§ Recorded data

· · · ·

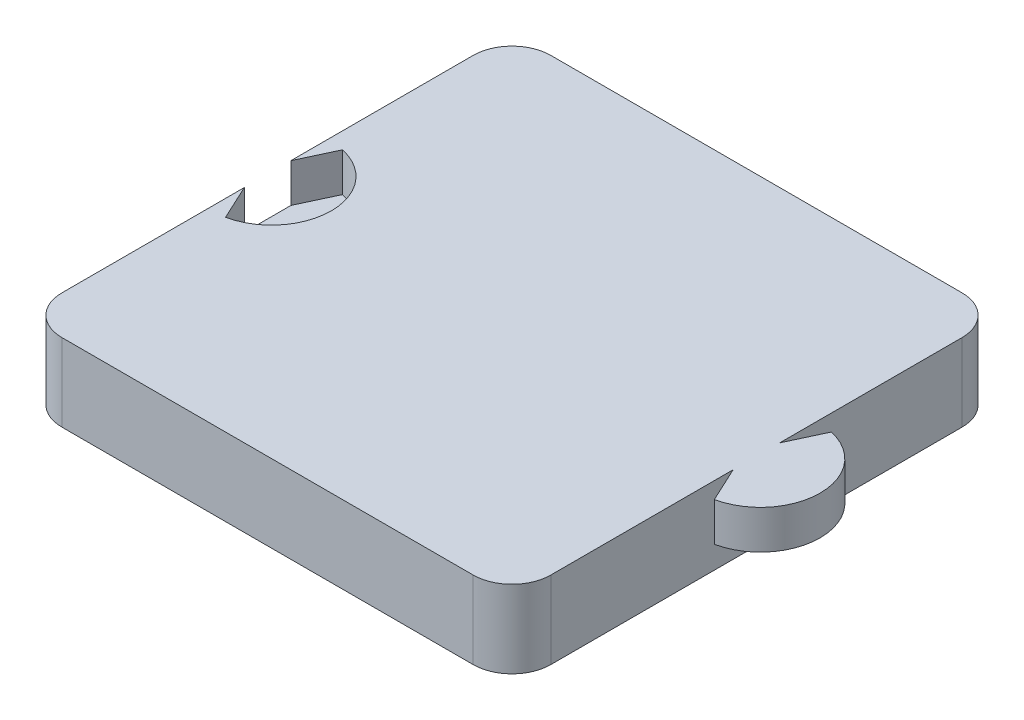
ISO-10303-21;
HEADER;
FILE_DESCRIPTION(('STEP AP214'),'2;1');
FILE_NAME('part.step','',(''),(''),'','','');
FILE_SCHEMA(('AUTOMOTIVE_DESIGN { 1 0 10303 214 1 1 1 1 }'));
ENDSEC;
DATA;
#1=APPLICATION_CONTEXT('core data for automotive mechanical design processes');
#2=APPLICATION_PROTOCOL_DEFINITION('international standard','automotive_design',2000,#1);
#3=PRODUCT_CONTEXT('',#1,'mechanical');
#4=PRODUCT('Part','Part','',(#3));
#5=PRODUCT_RELATED_PRODUCT_CATEGORY('part','',(#4));
#6=PRODUCT_DEFINITION_FORMATION('','',#4);
#7=PRODUCT_DEFINITION_CONTEXT('part definition',#1,'design');
#8=PRODUCT_DEFINITION('design','',#6,#7);
#9=PRODUCT_DEFINITION_SHAPE('','',#8);
#10=(LENGTH_UNIT() NAMED_UNIT(*) SI_UNIT(.MILLI.,.METRE.));
#11=(NAMED_UNIT(*) PLANE_ANGLE_UNIT() SI_UNIT($,.RADIAN.));
#12=(NAMED_UNIT(*) SI_UNIT($,.STERADIAN.) SOLID_ANGLE_UNIT());
#13=UNCERTAINTY_MEASURE_WITH_UNIT(LENGTH_MEASURE(1.E-05),#10,'distance_accuracy_value','');
#14=(GEOMETRIC_REPRESENTATION_CONTEXT(3) GLOBAL_UNCERTAINTY_ASSIGNED_CONTEXT((#13)) GLOBAL_UNIT_ASSIGNED_CONTEXT((#10,
#11,#12)) REPRESENTATION_CONTEXT('',''));
#15=CARTESIAN_POINT('',(0.,0.,0.));
#16=DIRECTION('',(0.,0.,1.));
#17=DIRECTION('',(1.,0.,0.));
#18=AXIS2_PLACEMENT_3D('',#15,#16,#17);
#19=CARTESIAN_POINT('',(-33.655,12.7,-33.655));
#20=DIRECTION('',(0.,-1.,0.));
#21=DIRECTION('',(0.,0.,-1.));
#22=AXIS2_PLACEMENT_3D('',#19,#20,#21);
#23=CYLINDRICAL_SURFACE('',#22,6.35);
#24=CARTESIAN_POINT('',(-33.655,0.,-33.655));
#25=DIRECTION('',(0.,1.,0.));
#26=DIRECTION('',(0.,0.,-1.));
#27=AXIS2_PLACEMENT_3D('',#24,#25,#26);
#28=CIRCLE('',#27,6.35);
#29=CARTESIAN_POINT('',(-33.655,0.,-40.005));
#30=VERTEX_POINT('',#29);
#31=CARTESIAN_POINT('',(-40.005,0.,-33.655));
#32=VERTEX_POINT('',#31);
#33=EDGE_CURVE('E204',#30,#32,#28,.T.);
#34=ORIENTED_EDGE('',*,*,#33,.T.);
#35=DIRECTION('',(0.,-1.,0.));
#36=VECTOR('',#35,1.);
#37=CARTESIAN_POINT('',(-40.005,12.7,-33.655));
#38=LINE('',#37,#36);
#39=CARTESIAN_POINT('',(-40.005,12.7,-33.655));
#40=VERTEX_POINT('',#39);
#41=EDGE_CURVE('E11',#40,#32,#38,.T.);
#42=ORIENTED_EDGE('',*,*,#41,.F.);
#43=CARTESIAN_POINT('',(-33.655,12.7,-33.655));
#44=DIRECTION('',(0.,1.,0.));
#45=DIRECTION('',(0.,0.,-1.));
#46=AXIS2_PLACEMENT_3D('',#43,#44,#45);
#47=CIRCLE('',#46,6.35);
#48=CARTESIAN_POINT('',(-33.655,12.7,-40.005));
#49=VERTEX_POINT('',#48);
#50=EDGE_CURVE('E210',#49,#40,#47,.T.);
#51=ORIENTED_EDGE('',*,*,#50,.F.);
#52=DIRECTION('',(0.,-1.,0.));
#53=VECTOR('',#52,1.);
#54=CARTESIAN_POINT('',(-33.655,12.7,-40.005));
#55=LINE('',#54,#53);
#56=EDGE_CURVE('E232',#49,#30,#55,.T.);
#57=ORIENTED_EDGE('',*,*,#56,.T.);
#58=EDGE_LOOP('',(#34,#42,#51,#57));
#59=FACE_BOUND('',#58,.T.);
#60=ADVANCED_FACE('F33',(#59),#23,.T.);
#61=CARTESIAN_POINT('',(-40.005,12.7,33.655));
#62=DIRECTION('',(1.,0.,0.));
#63=DIRECTION('',(0.,0.,-1.));
#64=AXIS2_PLACEMENT_3D('',#61,#62,#63);
#65=PLANE('',#64);
#66=DIRECTION('',(0.,0.,1.));
#67=VECTOR('',#66,1.);
#68=CARTESIAN_POINT('',(-40.005,6.35,-3.80999999999999));
#69=LINE('',#68,#67);
#70=CARTESIAN_POINT('',(-40.005,6.35,-3.80999999999999));
#71=VERTEX_POINT('',#70);
#72=CARTESIAN_POINT('',(-40.005,6.35,3.80999999999999));
#73=VERTEX_POINT('',#72);
#74=EDGE_CURVE('E183',#71,#73,#69,.T.);
#75=ORIENTED_EDGE('',*,*,#74,.F.);
#76=DIRECTION('',(0.,1.,0.));
#77=VECTOR('',#76,1.);
#78=CARTESIAN_POINT('',(-40.005,6.35,-3.80999999999999));
#79=LINE('',#78,#77);
#80=CARTESIAN_POINT('',(-40.005,12.7,-3.80999999999999));
#81=VERTEX_POINT('',#80);
#82=EDGE_CURVE('E201',#71,#81,#79,.T.);
#83=ORIENTED_EDGE('',*,*,#82,.T.);
#84=DIRECTION('',(0.,0.,1.));
#85=VECTOR('',#84,1.);
#86=CARTESIAN_POINT('',(-40.005,12.7,33.655));
#87=LINE('',#86,#85);
#88=EDGE_CURVE('E215',#40,#81,#87,.T.);
#89=ORIENTED_EDGE('',*,*,#88,.F.);
#90=ORIENTED_EDGE('',*,*,#41,.T.);
#91=DIRECTION('',(0.,0.,1.));
#92=VECTOR('',#91,1.);
#93=CARTESIAN_POINT('',(-40.005,0.,33.655));
#94=LINE('',#93,#92);
#95=CARTESIAN_POINT('',(-40.005,0.,33.655));
#96=VERTEX_POINT('',#95);
#97=EDGE_CURVE('E235',#32,#96,#94,.T.);
#98=ORIENTED_EDGE('',*,*,#97,.T.);
#99=DIRECTION('',(0.,-1.,0.));
#100=VECTOR('',#99,1.);
#101=CARTESIAN_POINT('',(-40.005,12.7,33.655));
#102=LINE('',#101,#100);
#103=CARTESIAN_POINT('',(-40.005,12.7,33.655));
#104=VERTEX_POINT('',#103);
#105=EDGE_CURVE('E40',#104,#96,#102,.T.);
#106=ORIENTED_EDGE('',*,*,#105,.F.);
#107=CARTESIAN_POINT('',(-40.005,12.7,3.80999999999999));
#108=VERTEX_POINT('',#107);
#109=EDGE_CURVE('E213',#108,#104,#87,.T.);
#110=ORIENTED_EDGE('',*,*,#109,.F.);
#111=DIRECTION('',(0.,1.,0.));
#112=VECTOR('',#111,1.);
#113=CARTESIAN_POINT('',(-40.005,6.35,3.80999999999999));
#114=LINE('',#113,#112);
#115=EDGE_CURVE('E55',#73,#108,#114,.T.);
#116=ORIENTED_EDGE('',*,*,#115,.F.);
#117=EDGE_LOOP('',(#75,#83,#89,#90,#98,#106,#110,#116));
#118=FACE_BOUND('',#117,.T.);
#119=ADVANCED_FACE('F291',(#118),#65,.F.);
#120=CARTESIAN_POINT('',(-33.655,12.7,33.655));
#121=DIRECTION('',(0.,-1.,0.));
#122=DIRECTION('',(0.,0.,-1.));
#123=AXIS2_PLACEMENT_3D('',#120,#121,#122);
#124=CYLINDRICAL_SURFACE('',#123,6.35);
#125=CARTESIAN_POINT('',(-33.655,0.,33.655));
#126=DIRECTION('',(0.,1.,0.));
#127=DIRECTION('',(0.,0.,-1.));
#128=AXIS2_PLACEMENT_3D('',#125,#126,#127);
#129=CIRCLE('',#128,6.35);
#130=CARTESIAN_POINT('',(-33.655,0.,40.005));
#131=VERTEX_POINT('',#130);
#132=EDGE_CURVE('E237',#96,#131,#129,.T.);
#133=ORIENTED_EDGE('',*,*,#132,.T.);
#134=DIRECTION('',(0.,-1.,0.));
#135=VECTOR('',#134,1.);
#136=CARTESIAN_POINT('',(-33.655,12.7,40.005));
#137=LINE('',#136,#135);
#138=CARTESIAN_POINT('',(-33.655,12.7,40.005));
#139=VERTEX_POINT('',#138);
#140=EDGE_CURVE('E262',#139,#131,#137,.T.);
#141=ORIENTED_EDGE('',*,*,#140,.F.);
#142=CARTESIAN_POINT('',(-33.655,12.7,33.655));
#143=DIRECTION('',(0.,1.,0.));
#144=DIRECTION('',(0.,0.,-1.));
#145=AXIS2_PLACEMENT_3D('',#142,#143,#144);
#146=CIRCLE('',#145,6.35);
#147=EDGE_CURVE('E218',#104,#139,#146,.T.);
#148=ORIENTED_EDGE('',*,*,#147,.F.);
#149=ORIENTED_EDGE('',*,*,#105,.T.);
#150=EDGE_LOOP('',(#133,#141,#148,#149));
#151=FACE_BOUND('',#150,.T.);
#152=ADVANCED_FACE('F269',(#151),#124,.T.);
#153=CARTESIAN_POINT('',(-33.655,12.7,40.005));
#154=DIRECTION('',(0.,0.,-1.));
#155=DIRECTION('',(-1.,0.,0.));
#156=AXIS2_PLACEMENT_3D('',#153,#154,#155);
#157=PLANE('',#156);
#158=DIRECTION('',(1.,0.,0.));
#159=VECTOR('',#158,1.);
#160=CARTESIAN_POINT('',(-33.655,0.,40.005));
#161=LINE('',#160,#159);
#162=CARTESIAN_POINT('',(33.655,0.,40.005));
#163=VERTEX_POINT('',#162);
#164=EDGE_CURVE('E239',#131,#163,#161,.T.);
#165=ORIENTED_EDGE('',*,*,#164,.T.);
#166=DIRECTION('',(0.,-1.,0.));
#167=VECTOR('',#166,1.);
#168=CARTESIAN_POINT('',(33.655,12.7,40.005));
#169=LINE('',#168,#167);
#170=CARTESIAN_POINT('',(33.655,12.7,40.005));
#171=VERTEX_POINT('',#170);
#172=EDGE_CURVE('E259',#171,#163,#169,.T.);
#173=ORIENTED_EDGE('',*,*,#172,.F.);
#174=DIRECTION('',(1.,0.,0.));
#175=VECTOR('',#174,1.);
#176=CARTESIAN_POINT('',(-33.655,12.7,40.005));
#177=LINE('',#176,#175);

· · · ·

§ Exercise details
Write out exactly the lines from the line holding "#172=EDGE_CURVE('E259',#171,#163,#169,.T.);" through the last line of the data, and nothing besides those lines.

§ Output of the task
#172=EDGE_CURVE('E259',#171,#163,#169,.T.);
#173=ORIENTED_EDGE('',*,*,#172,.F.);
#174=DIRECTION('',(1.,0.,0.));
#175=VECTOR('',#174,1.);
#176=CARTESIAN_POINT('',(-33.655,12.7,40.005));
#177=LINE('',#176,#175);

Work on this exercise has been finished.